- _PROVIDED RECORDS_
· · ·

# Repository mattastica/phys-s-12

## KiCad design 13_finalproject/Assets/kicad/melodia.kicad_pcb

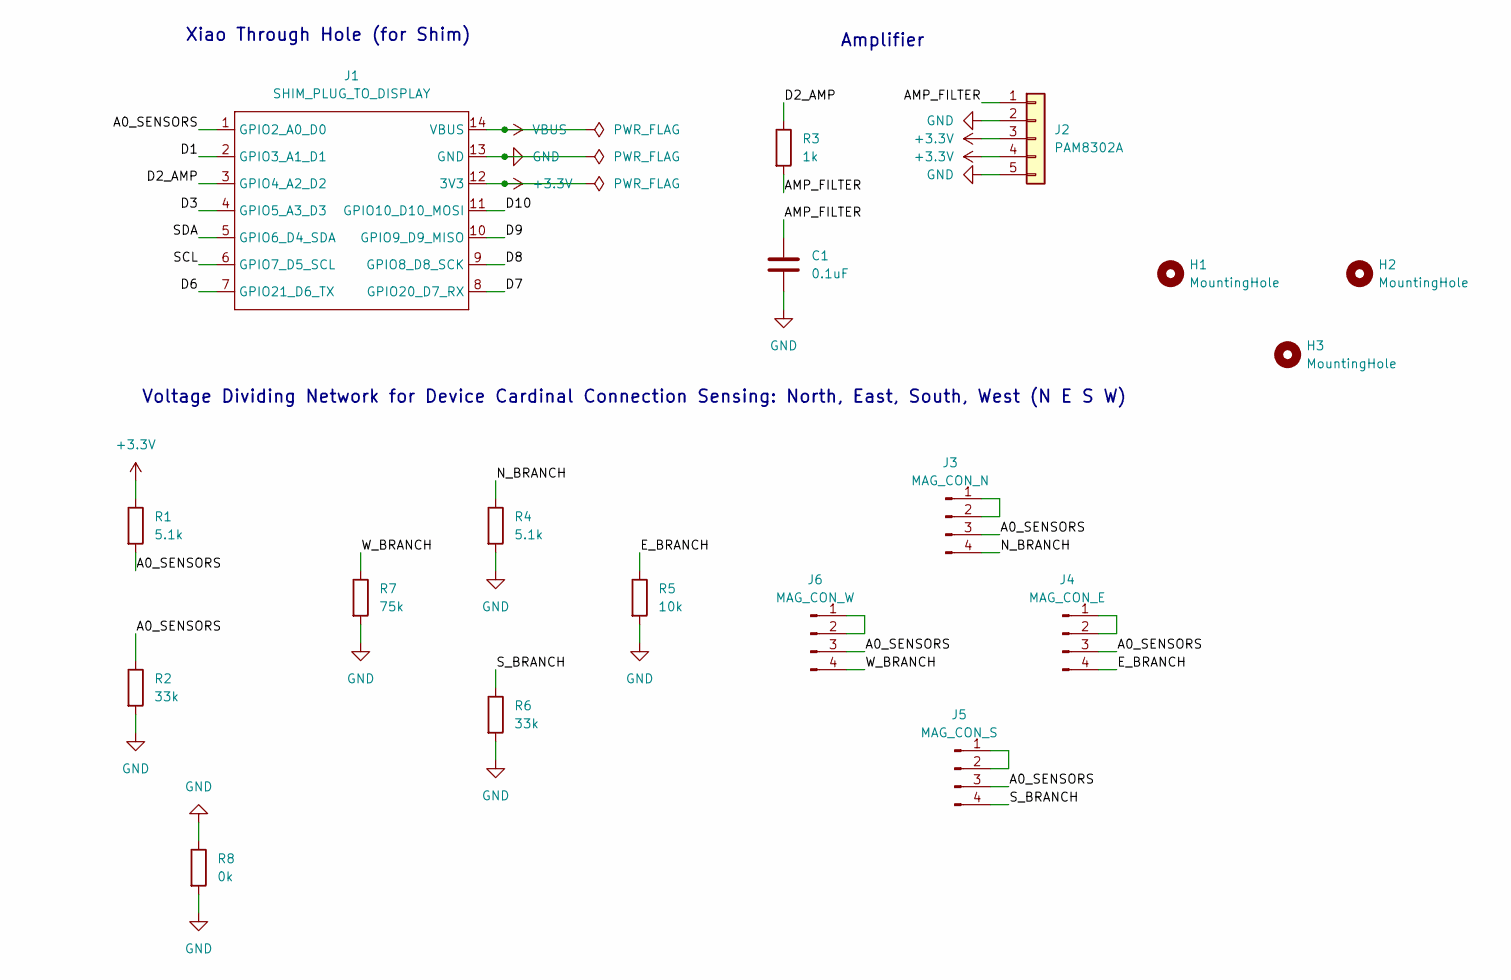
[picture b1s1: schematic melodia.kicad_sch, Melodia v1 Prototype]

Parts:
C1: 0.1uF; C_Disc_D5.0mm_W2.5mm_P5.00mm
H1, H2, H3: MountingHole; MountingHole_3.7mm
J1: SHIM_PLUG_TO_DISPLAY; XIAO-ESP32-C3-DIP
J2: PAM8302A; PinHeader_1x05_P2.54mm_Vertical
J3: MAG_CON_N; PinHeader_1x04_P2.54mm_Vertical
J4: MAG_CON_E; PinHeader_1x04_P2.54mm_Vertical
J5: MAG_CON_S; PinHeader_1x04_P2.54mm_Vertical
J6: MAG_CON_W; PinHeader_1x04_P2.54mm_Vertical
R1, R4: 5.1k; R_1206_3216Metric_Pad1.30x1.75mm_HandSolder
R2, R6: 33k; R_1206_3216Metric_Pad1.30x1.75mm_HandSolder
R3: 1k; R_1206_3216Metric_Pad1.30x1.75mm_HandSolder
R5: 10k; R_1206_3216Metric_Pad1.30x1.75mm_HandSolder
R7: 75k; R_1206_3216Metric_Pad1.30x1.75mm_HandSolder
R8: 0k; R_1206_3216Metric_Pad1.30x1.75mm_HandSolder

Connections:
+3.3V: J1.12 (3V3), J2.3, J2.4, R1.1
/A0_SENSORS: J1.1 (GPIO2_A0_D0), J3.3, J4.3, J5.3, J6.3, R1.2, R2.1
/AMP_FILTER: C1.1, J2.1, R3.2
/D1: J1.2 (GPIO3_A1_D1)
/D2_AMP: J1.3 (GPIO4_A2_D2), R3.1
/D3: J1.4 (GPIO5_A3_D3)
/D6: J1.7 (GPIO21_D6_TX)
/D7: J1.8 (GPIO20_D7_RX)
/D8: J1.9 (GPIO8_D8_SCK)
/D9: J1.10 (GPIO9_D9_MISO)
/D10: J1.11 (GPIO10_D10_MOSI)
/E_BRANCH: J4.4, R5.1
/N_BRANCH: J3.4, R4.1
/SCL: J1.6 (GPIO7_D5_SCL)
/SDA: J1.5 (GPIO6_D4_SDA)
/S_BRANCH: J5.4, R6.1
/W_BRANCH: J6.4, R7.1
GND: C1.2, J1.13 (GND), J2.2, J2.5, R2.2, R4.2, R5.2, R6.2, R7.2, R8.1, R8.2
unnamed: J3.1, J3.2
unnamed: J4.1, J4.2
unnamed: J5.1, J5.2
unnamed: J6.1, J6.2
VBUS: J1.14 (VBUS)

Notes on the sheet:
Voltage Dividing Network for Device Cardinal Connection Sensing: North, East, South, West (N E S W)
Xiao Through Hole (for Shim)
Amplifier

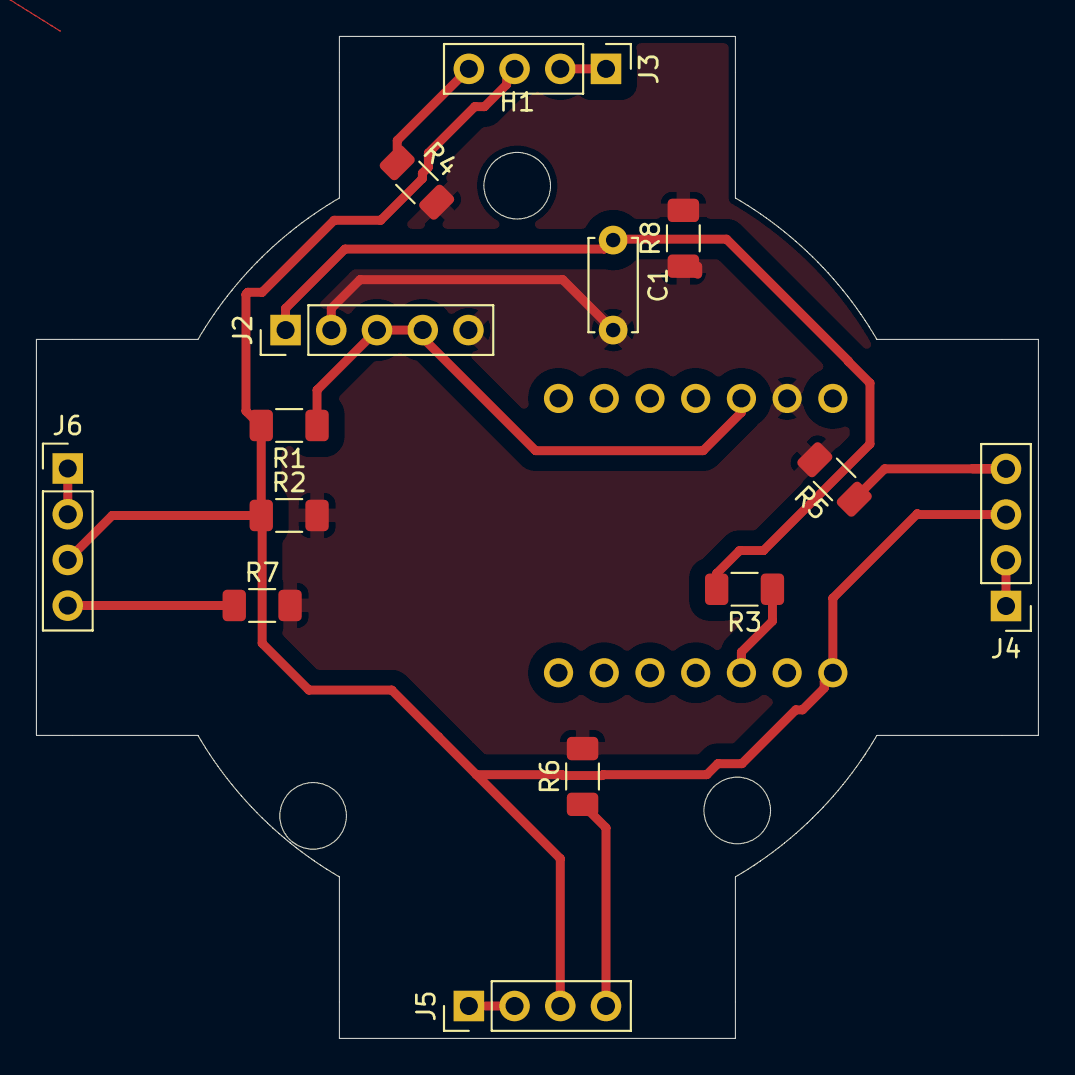
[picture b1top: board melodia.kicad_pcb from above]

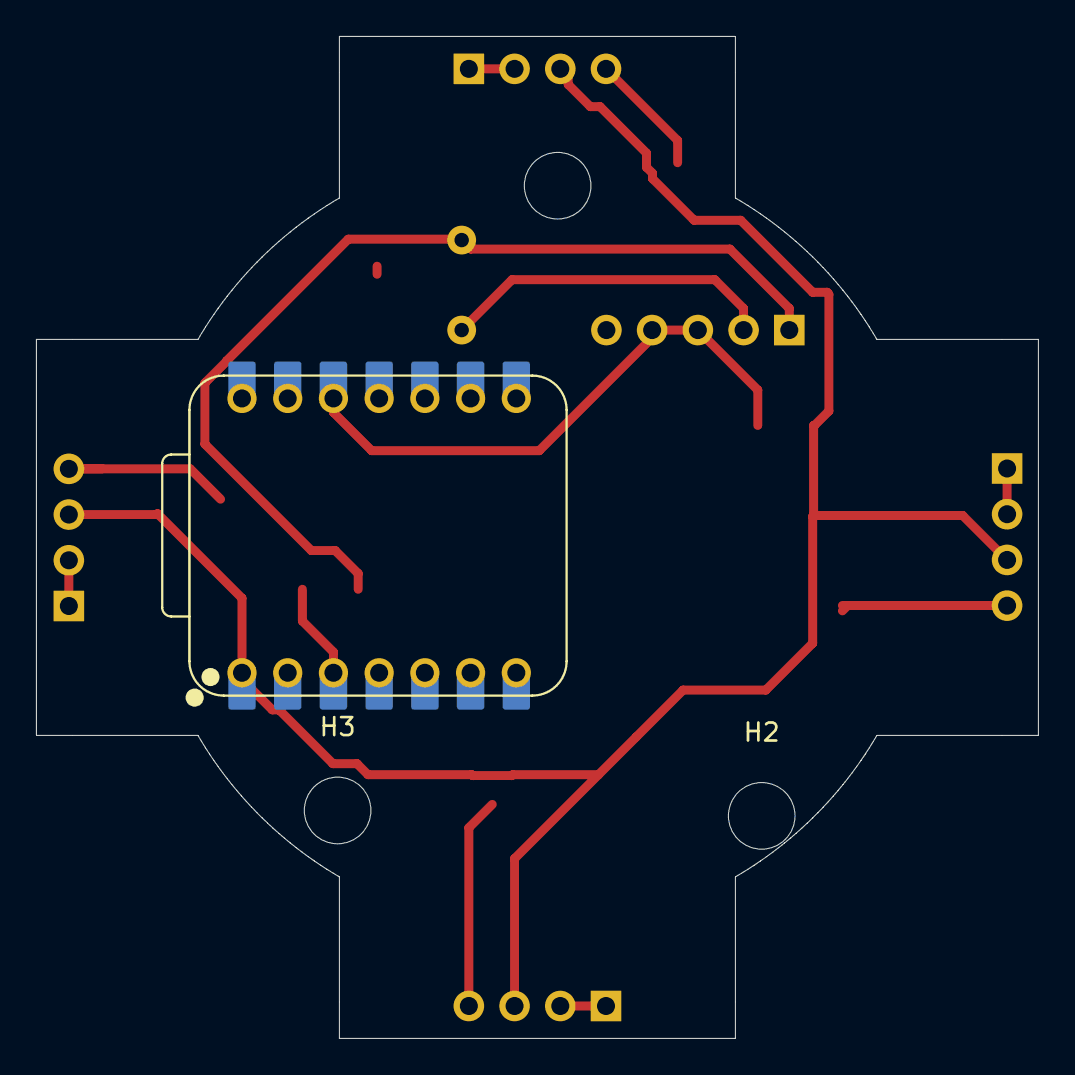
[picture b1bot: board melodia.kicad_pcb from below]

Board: 2 copper layers, 55.7 x 55.7 mm, 18 parts (3 on the bottom side), 13 nets.

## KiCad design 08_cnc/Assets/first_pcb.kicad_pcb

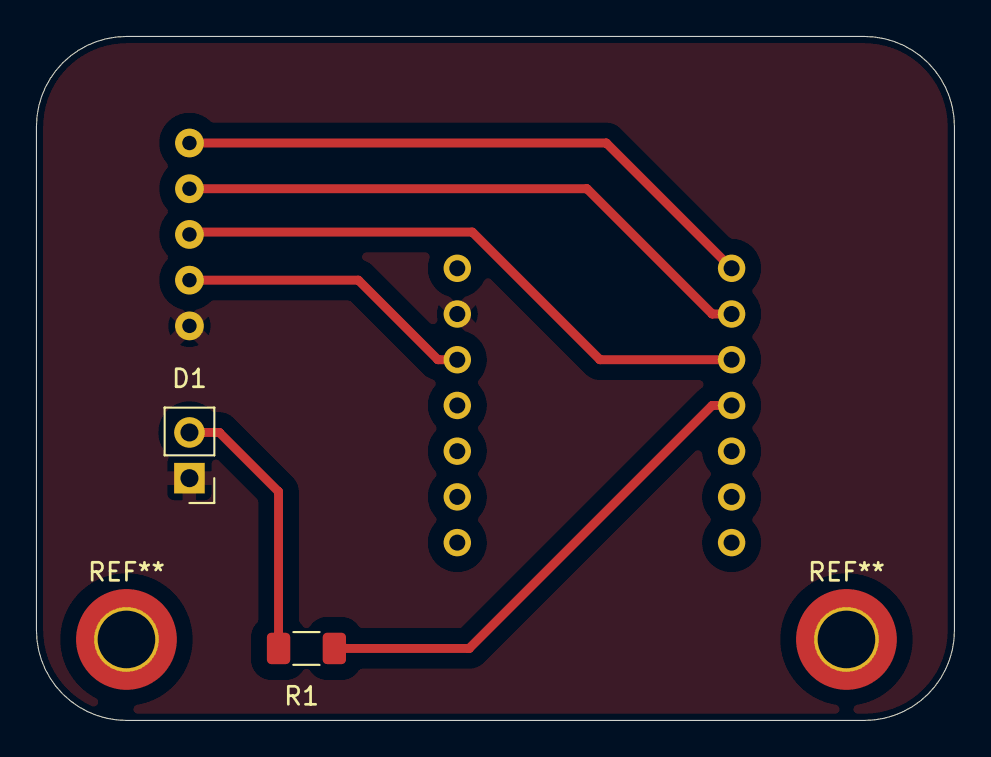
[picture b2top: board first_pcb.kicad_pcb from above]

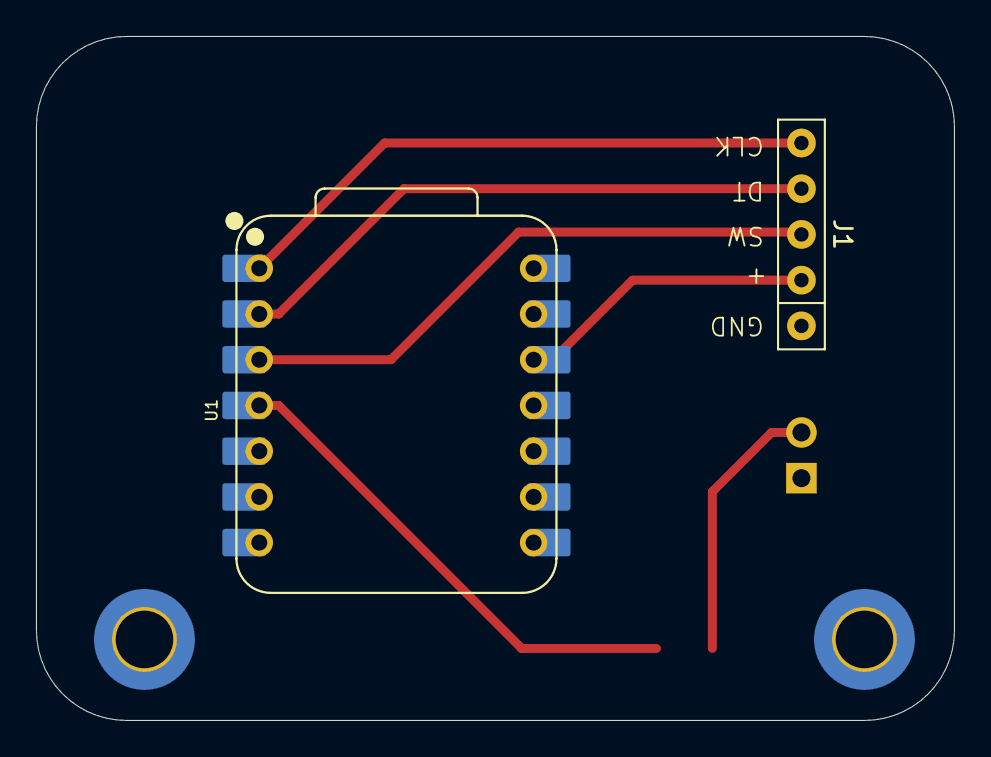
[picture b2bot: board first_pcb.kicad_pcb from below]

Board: 2 copper layers, 51.0 x 38.0 mm, 4 parts (2 on the bottom side), 7 nets.

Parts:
D1: LED; PinHeader_1x02_P2.54mm_Vertical
J1: Conn_01x05_Pin; Rotary_Encoder
R1: 1k; R_1206_3216Metric_Pad1.30x1.75mm_HandSolder
U1: XIAO-ESP32-C3-DIP

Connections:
+3V3: J1.2, U1.12 (3V3)
GND: D1.1 (K), J1.1, U1.13 (GND)
unnamed: D1.2 (A), R1.1
unnamed: J1.3, U1.3 (GPIO4_A2_D2)
unnamed: J1.4, U1.2 (GPIO3_A1_D1)
unnamed: J1.5, U1.1 (GPIO2_A0_D0)
unnamed: R1.2, U1.4 (GPIO5_A3_D3)

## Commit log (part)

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2026-06-23 init commit of template
2026-06-23 add context, name, and contact info.
2026-06-25 add photo to about page
2026-06-25 projects
2026-06-25 page fix
2026-06-27 new site with retro gaming styles, fixes to semantic structure, custom css for animations.
2026-06-27 fix footer+title. add NES harvard logo. fix verbiage. fix bug in config.
2026-06-30 fix title rendering on mobile previews. support iMessage/WhatsApp snippets
2026-06-30 updated projects for design

· · ·

- _TASK BRIEF_
Wherever the string "picture" appears in the data above, copy the line it sits in.

- _RESULT OF THIS EXERCISE_
[picture b1s1: schematic melodia.kicad_sch, Melodia v1 Prototype]
[picture b1top: board melodia.kicad_pcb from above]
[picture b1bot: board melodia.kicad_pcb from below]
[picture b2top: board first_pcb.kicad_pcb from above]
[picture b2bot: board first_pcb.kicad_pcb from below]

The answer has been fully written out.